**TASK INSTRUCTIONS:**
Find every line below with the word "bottom" in it, and copy each one.

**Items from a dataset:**
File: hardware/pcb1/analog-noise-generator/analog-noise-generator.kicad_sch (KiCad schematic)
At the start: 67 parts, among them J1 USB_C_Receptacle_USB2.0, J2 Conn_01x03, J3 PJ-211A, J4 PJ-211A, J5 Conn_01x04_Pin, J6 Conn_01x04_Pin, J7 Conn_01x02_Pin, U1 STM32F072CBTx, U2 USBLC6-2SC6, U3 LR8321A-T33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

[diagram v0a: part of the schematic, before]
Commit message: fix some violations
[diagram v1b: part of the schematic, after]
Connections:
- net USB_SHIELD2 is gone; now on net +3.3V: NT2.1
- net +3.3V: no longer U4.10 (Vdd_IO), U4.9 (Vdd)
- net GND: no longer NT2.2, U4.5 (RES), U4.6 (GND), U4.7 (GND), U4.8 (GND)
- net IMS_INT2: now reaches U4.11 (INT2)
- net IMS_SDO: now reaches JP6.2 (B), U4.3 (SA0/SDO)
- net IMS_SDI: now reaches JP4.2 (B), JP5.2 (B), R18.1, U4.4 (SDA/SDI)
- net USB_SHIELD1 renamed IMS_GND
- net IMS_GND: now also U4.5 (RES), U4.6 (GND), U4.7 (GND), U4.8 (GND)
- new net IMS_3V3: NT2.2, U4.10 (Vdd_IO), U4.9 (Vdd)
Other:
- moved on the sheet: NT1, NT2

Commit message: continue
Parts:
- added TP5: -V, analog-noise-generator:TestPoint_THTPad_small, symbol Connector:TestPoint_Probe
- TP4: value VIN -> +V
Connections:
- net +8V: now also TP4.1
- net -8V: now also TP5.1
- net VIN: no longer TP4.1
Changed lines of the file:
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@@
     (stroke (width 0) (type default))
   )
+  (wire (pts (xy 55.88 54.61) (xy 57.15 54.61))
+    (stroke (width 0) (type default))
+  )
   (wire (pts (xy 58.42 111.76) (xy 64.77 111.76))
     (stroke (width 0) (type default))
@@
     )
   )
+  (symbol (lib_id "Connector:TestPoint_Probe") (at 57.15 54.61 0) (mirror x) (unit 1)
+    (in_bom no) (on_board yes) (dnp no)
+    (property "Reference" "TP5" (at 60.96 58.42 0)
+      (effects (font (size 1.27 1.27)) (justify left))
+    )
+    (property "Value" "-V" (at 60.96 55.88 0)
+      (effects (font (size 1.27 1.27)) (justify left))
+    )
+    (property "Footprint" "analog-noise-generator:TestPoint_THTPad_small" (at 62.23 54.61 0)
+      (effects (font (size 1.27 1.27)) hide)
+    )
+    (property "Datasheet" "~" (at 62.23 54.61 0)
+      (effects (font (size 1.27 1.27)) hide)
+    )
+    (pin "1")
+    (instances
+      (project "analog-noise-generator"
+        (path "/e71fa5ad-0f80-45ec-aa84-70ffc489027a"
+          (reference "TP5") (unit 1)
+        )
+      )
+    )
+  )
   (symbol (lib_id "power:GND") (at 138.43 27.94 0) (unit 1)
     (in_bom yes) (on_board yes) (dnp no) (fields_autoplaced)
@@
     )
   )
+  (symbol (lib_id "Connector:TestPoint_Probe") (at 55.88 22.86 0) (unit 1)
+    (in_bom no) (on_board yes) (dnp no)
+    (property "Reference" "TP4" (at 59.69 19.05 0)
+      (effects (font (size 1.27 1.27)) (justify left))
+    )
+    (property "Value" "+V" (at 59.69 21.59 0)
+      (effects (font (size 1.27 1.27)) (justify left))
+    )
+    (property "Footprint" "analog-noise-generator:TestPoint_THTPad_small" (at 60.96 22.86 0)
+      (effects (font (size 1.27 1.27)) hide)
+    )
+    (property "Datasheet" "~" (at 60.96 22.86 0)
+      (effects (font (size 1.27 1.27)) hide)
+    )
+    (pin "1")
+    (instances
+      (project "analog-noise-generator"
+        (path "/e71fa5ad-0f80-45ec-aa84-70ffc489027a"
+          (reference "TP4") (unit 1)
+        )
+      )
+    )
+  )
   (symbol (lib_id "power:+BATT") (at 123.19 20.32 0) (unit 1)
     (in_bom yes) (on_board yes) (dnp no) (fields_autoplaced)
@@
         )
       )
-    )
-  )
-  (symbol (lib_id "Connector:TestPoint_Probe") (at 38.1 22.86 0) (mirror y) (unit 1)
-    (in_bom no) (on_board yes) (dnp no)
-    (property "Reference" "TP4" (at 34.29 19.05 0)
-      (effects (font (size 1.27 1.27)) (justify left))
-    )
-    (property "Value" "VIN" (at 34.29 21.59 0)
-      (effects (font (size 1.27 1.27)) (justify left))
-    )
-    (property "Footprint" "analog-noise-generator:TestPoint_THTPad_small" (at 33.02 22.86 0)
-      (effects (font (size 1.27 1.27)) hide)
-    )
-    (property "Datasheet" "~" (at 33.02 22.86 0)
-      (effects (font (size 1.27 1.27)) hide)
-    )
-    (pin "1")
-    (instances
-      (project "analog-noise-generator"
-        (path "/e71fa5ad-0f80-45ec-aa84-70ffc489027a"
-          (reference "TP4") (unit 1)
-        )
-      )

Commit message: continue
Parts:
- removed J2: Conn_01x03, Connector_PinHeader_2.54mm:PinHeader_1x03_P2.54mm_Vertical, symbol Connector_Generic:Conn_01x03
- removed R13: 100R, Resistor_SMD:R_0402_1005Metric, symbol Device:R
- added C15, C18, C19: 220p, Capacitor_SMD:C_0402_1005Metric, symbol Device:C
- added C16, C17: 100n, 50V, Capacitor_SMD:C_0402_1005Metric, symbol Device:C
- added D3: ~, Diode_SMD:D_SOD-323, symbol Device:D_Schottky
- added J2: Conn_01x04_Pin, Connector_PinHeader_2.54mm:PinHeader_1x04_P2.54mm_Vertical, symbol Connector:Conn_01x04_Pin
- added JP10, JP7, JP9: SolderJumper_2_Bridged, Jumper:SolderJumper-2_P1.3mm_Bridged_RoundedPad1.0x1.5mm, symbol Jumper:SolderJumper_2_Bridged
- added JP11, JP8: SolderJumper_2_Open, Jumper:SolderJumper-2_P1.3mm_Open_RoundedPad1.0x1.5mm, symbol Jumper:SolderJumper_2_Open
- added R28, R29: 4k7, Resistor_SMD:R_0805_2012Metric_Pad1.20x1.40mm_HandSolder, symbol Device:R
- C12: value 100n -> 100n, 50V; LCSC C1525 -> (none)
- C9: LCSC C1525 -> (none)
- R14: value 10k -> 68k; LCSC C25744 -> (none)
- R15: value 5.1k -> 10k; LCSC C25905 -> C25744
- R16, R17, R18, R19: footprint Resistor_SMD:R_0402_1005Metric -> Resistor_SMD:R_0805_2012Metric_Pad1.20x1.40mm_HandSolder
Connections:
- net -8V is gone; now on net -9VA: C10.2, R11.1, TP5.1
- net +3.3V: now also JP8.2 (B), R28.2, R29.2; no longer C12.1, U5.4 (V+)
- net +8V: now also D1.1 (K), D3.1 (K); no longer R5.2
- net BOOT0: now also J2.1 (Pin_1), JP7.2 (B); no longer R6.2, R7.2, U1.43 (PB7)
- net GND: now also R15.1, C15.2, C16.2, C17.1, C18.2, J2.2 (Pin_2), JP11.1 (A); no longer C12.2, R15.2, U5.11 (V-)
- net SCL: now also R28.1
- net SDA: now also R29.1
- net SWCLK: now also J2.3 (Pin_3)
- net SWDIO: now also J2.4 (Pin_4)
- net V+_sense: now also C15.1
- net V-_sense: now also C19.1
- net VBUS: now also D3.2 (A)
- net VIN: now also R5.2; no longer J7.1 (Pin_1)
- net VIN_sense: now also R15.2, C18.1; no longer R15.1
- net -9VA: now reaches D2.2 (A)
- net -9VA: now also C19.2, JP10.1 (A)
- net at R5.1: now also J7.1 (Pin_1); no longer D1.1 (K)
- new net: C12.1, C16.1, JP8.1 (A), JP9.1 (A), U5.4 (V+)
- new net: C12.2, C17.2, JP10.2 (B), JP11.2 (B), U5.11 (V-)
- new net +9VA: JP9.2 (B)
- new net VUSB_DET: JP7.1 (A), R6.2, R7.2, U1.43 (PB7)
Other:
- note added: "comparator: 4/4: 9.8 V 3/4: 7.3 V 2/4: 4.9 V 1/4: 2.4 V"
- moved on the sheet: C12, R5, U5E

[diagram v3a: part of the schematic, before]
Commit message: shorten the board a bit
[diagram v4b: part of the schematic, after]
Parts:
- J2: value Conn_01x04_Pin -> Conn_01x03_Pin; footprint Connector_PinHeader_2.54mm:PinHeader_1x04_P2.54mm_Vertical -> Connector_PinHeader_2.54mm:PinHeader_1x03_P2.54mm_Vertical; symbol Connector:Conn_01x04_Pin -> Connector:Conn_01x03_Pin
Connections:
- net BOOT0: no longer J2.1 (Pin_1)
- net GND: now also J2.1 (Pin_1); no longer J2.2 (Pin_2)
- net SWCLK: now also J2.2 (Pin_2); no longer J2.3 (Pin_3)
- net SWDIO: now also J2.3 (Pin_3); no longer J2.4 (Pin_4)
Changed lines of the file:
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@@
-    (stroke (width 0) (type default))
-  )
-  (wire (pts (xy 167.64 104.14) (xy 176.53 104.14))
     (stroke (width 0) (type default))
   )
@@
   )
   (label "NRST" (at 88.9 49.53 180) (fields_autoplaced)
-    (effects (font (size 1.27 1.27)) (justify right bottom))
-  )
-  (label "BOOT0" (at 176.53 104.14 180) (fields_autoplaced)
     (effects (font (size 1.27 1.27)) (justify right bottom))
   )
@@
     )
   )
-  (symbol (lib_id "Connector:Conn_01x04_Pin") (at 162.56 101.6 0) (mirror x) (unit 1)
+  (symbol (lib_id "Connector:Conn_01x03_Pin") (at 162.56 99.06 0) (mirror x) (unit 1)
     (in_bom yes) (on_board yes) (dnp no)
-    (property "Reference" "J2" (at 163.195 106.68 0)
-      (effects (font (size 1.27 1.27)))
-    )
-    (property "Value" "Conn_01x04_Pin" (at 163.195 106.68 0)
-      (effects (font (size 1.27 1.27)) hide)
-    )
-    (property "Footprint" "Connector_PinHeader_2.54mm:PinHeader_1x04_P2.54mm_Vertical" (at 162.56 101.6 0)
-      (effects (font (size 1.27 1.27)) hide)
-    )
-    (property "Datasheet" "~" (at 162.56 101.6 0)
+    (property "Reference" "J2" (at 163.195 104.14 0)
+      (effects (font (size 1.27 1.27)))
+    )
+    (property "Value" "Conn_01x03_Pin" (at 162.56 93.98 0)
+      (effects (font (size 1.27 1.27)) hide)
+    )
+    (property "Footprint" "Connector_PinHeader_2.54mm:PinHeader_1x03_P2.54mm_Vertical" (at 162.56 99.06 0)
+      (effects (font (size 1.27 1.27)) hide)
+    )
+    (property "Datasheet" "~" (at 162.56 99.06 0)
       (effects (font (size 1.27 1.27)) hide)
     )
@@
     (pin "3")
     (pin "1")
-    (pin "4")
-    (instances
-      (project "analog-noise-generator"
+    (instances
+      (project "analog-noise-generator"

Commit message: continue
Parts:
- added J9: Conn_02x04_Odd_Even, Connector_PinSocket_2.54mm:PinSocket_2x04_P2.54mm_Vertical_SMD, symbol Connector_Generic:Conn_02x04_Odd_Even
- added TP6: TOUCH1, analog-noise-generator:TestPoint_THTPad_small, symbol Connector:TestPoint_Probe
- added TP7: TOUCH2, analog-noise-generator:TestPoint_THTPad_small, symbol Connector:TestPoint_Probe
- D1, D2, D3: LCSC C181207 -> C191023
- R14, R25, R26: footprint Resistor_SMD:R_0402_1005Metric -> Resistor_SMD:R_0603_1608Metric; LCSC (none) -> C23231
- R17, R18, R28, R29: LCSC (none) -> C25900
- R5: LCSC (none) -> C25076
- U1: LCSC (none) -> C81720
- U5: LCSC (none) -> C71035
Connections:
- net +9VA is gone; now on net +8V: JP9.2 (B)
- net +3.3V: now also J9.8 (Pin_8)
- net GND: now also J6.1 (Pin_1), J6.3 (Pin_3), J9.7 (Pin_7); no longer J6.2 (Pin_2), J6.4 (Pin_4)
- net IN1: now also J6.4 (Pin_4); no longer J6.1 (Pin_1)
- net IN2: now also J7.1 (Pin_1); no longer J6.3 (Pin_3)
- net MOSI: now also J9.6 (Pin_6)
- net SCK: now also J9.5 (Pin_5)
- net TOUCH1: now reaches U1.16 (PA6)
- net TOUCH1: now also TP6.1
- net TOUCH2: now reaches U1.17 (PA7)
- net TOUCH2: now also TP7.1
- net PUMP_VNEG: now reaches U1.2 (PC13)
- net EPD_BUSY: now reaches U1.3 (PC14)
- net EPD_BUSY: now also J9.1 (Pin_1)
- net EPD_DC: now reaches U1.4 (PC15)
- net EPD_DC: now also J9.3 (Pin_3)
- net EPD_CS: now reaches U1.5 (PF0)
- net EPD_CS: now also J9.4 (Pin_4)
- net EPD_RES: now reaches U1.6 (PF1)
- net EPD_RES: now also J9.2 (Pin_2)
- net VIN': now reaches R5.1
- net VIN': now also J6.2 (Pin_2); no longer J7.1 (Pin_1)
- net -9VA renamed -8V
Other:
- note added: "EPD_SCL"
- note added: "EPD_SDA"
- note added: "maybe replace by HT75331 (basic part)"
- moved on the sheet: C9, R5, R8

**RESULT BELOW:**
-    (effects (font (size 1.27 1.27)) (justify right bottom))
     (effects (font (size 1.27 1.27)) (justify right bottom))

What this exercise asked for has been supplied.